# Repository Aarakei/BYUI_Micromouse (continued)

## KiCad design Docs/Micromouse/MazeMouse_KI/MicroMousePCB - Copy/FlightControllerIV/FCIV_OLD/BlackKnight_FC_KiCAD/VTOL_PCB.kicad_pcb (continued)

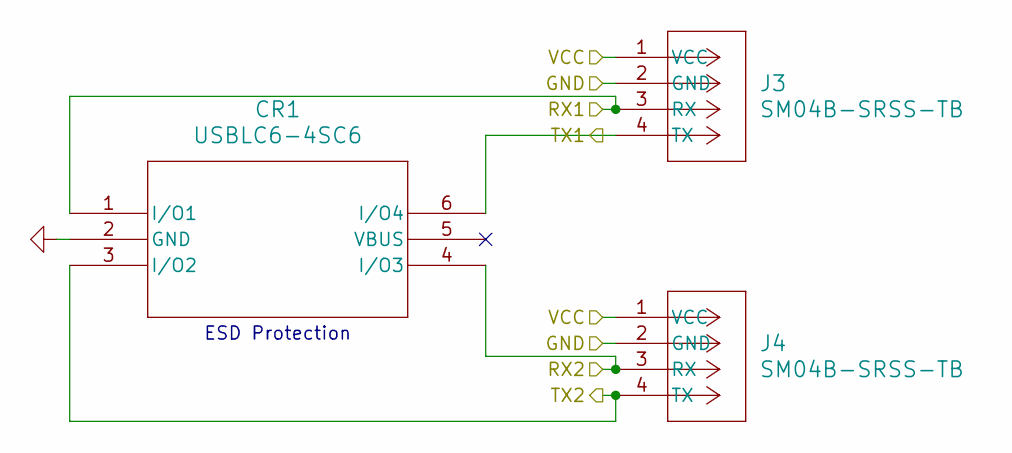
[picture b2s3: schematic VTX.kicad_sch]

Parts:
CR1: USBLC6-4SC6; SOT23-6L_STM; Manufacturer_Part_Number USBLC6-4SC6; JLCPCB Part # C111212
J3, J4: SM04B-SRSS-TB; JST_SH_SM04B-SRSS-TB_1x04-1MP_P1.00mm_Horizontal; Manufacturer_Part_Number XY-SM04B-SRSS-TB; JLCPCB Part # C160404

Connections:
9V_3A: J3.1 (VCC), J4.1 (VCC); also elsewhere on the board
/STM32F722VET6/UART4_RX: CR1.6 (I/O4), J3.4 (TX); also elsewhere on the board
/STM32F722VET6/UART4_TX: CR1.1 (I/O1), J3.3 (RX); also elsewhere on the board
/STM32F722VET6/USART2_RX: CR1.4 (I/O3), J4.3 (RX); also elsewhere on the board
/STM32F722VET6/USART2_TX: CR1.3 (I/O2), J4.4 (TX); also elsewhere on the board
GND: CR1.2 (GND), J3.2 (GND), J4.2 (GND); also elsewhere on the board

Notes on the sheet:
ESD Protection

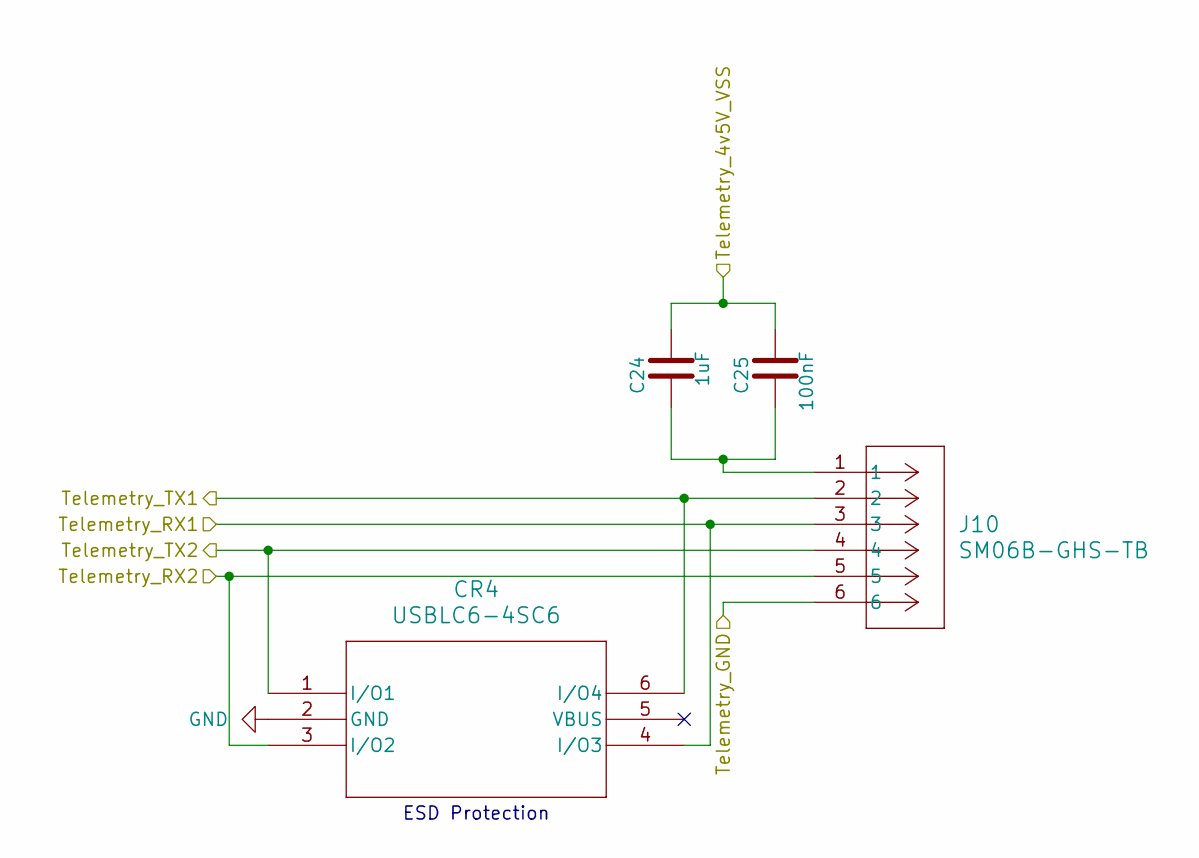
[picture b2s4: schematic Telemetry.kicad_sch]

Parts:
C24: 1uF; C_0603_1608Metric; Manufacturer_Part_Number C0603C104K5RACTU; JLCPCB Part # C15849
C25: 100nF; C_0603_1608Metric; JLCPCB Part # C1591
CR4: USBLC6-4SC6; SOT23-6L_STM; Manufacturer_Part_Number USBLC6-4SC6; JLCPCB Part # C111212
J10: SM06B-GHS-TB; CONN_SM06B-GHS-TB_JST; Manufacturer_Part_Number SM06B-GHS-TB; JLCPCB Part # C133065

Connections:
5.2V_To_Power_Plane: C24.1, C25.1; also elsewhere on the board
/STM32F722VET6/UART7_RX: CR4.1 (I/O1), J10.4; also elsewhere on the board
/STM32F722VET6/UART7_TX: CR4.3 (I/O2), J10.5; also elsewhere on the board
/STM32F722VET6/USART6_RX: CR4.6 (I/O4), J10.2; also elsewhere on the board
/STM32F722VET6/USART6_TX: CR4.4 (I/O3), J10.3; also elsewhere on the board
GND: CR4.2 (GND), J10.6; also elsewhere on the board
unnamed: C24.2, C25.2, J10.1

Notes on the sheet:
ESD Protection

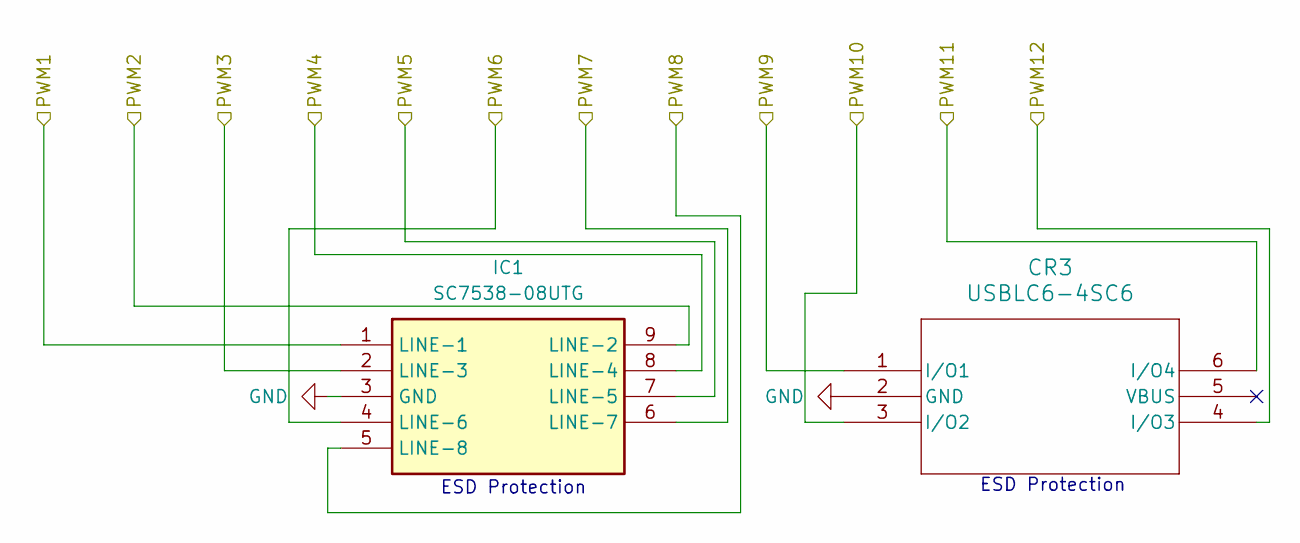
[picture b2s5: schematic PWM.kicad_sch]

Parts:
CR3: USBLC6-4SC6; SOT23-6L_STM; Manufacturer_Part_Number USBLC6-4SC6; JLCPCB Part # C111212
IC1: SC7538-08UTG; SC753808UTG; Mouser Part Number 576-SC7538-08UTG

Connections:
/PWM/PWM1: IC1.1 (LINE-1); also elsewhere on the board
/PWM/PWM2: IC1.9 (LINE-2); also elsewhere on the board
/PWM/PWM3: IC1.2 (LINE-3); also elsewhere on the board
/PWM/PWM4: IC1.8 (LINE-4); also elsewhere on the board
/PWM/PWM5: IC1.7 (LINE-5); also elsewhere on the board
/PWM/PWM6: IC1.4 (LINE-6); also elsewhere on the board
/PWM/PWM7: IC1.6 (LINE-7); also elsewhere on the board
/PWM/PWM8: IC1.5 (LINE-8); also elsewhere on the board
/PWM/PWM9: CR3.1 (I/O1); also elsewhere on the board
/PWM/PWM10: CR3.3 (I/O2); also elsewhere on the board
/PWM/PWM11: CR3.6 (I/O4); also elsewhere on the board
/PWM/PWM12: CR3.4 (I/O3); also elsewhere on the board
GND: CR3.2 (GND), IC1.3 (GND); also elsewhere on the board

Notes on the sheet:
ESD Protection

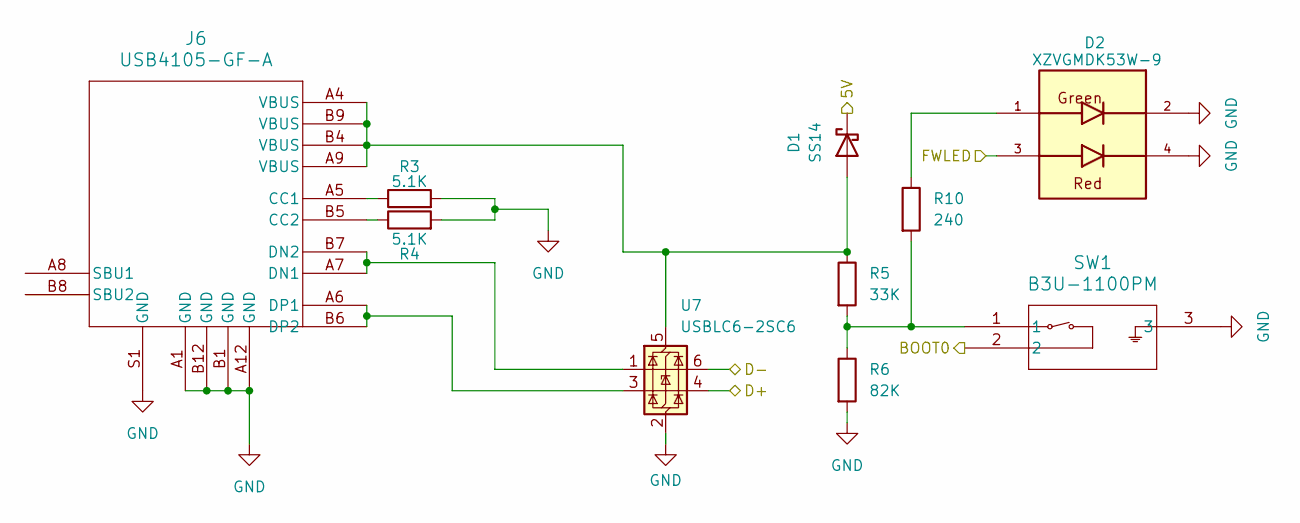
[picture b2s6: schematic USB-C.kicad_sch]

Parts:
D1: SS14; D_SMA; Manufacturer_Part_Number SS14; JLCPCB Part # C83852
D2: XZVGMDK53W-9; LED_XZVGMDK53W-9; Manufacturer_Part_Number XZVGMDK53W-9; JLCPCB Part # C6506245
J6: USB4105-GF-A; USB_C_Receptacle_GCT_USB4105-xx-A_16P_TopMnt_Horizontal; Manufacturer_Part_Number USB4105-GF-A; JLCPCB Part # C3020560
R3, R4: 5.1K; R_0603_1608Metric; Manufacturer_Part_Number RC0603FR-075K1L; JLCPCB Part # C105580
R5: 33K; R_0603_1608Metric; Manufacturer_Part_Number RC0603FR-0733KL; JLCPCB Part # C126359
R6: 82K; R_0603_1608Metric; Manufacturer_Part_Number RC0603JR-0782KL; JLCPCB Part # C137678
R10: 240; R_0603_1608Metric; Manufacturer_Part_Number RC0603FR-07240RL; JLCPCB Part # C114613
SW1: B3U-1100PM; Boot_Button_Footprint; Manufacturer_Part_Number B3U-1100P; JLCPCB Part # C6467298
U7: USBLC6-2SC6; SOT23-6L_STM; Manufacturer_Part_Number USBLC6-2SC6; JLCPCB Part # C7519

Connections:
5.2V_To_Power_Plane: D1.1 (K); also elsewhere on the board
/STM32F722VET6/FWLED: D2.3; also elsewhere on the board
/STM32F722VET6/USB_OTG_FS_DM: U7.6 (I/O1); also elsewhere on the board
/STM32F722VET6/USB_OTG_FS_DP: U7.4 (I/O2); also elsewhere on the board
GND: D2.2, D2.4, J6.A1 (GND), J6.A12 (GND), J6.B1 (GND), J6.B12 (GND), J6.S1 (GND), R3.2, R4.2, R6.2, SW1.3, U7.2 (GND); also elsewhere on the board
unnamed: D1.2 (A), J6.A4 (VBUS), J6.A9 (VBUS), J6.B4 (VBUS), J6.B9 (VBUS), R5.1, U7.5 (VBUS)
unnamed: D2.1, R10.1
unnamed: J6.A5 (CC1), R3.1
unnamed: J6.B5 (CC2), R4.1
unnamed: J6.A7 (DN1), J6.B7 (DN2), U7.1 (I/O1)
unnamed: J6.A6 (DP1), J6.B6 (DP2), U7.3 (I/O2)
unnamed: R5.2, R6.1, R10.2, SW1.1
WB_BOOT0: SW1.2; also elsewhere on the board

+ + + + + + +

PROBLEM TO WORK ON
Among the records above, locate the line containing "## KiCad design" and the line containing "[picture b2s3: schematic VTX.kicad_sch]", then transcribe exactly the lines starting at the first and ending at the second, with no pictures.

EXERCISE RESULT
## KiCad design Docs/Micromouse/MazeMouse_KI/MicroMousePCB - Copy/FlightControllerIV/FCIV_OLD/BlackKnight_FC_KiCAD/VTOL_PCB.kicad_pcb (continued)

[picture b2s3: schematic VTX.kicad_sch]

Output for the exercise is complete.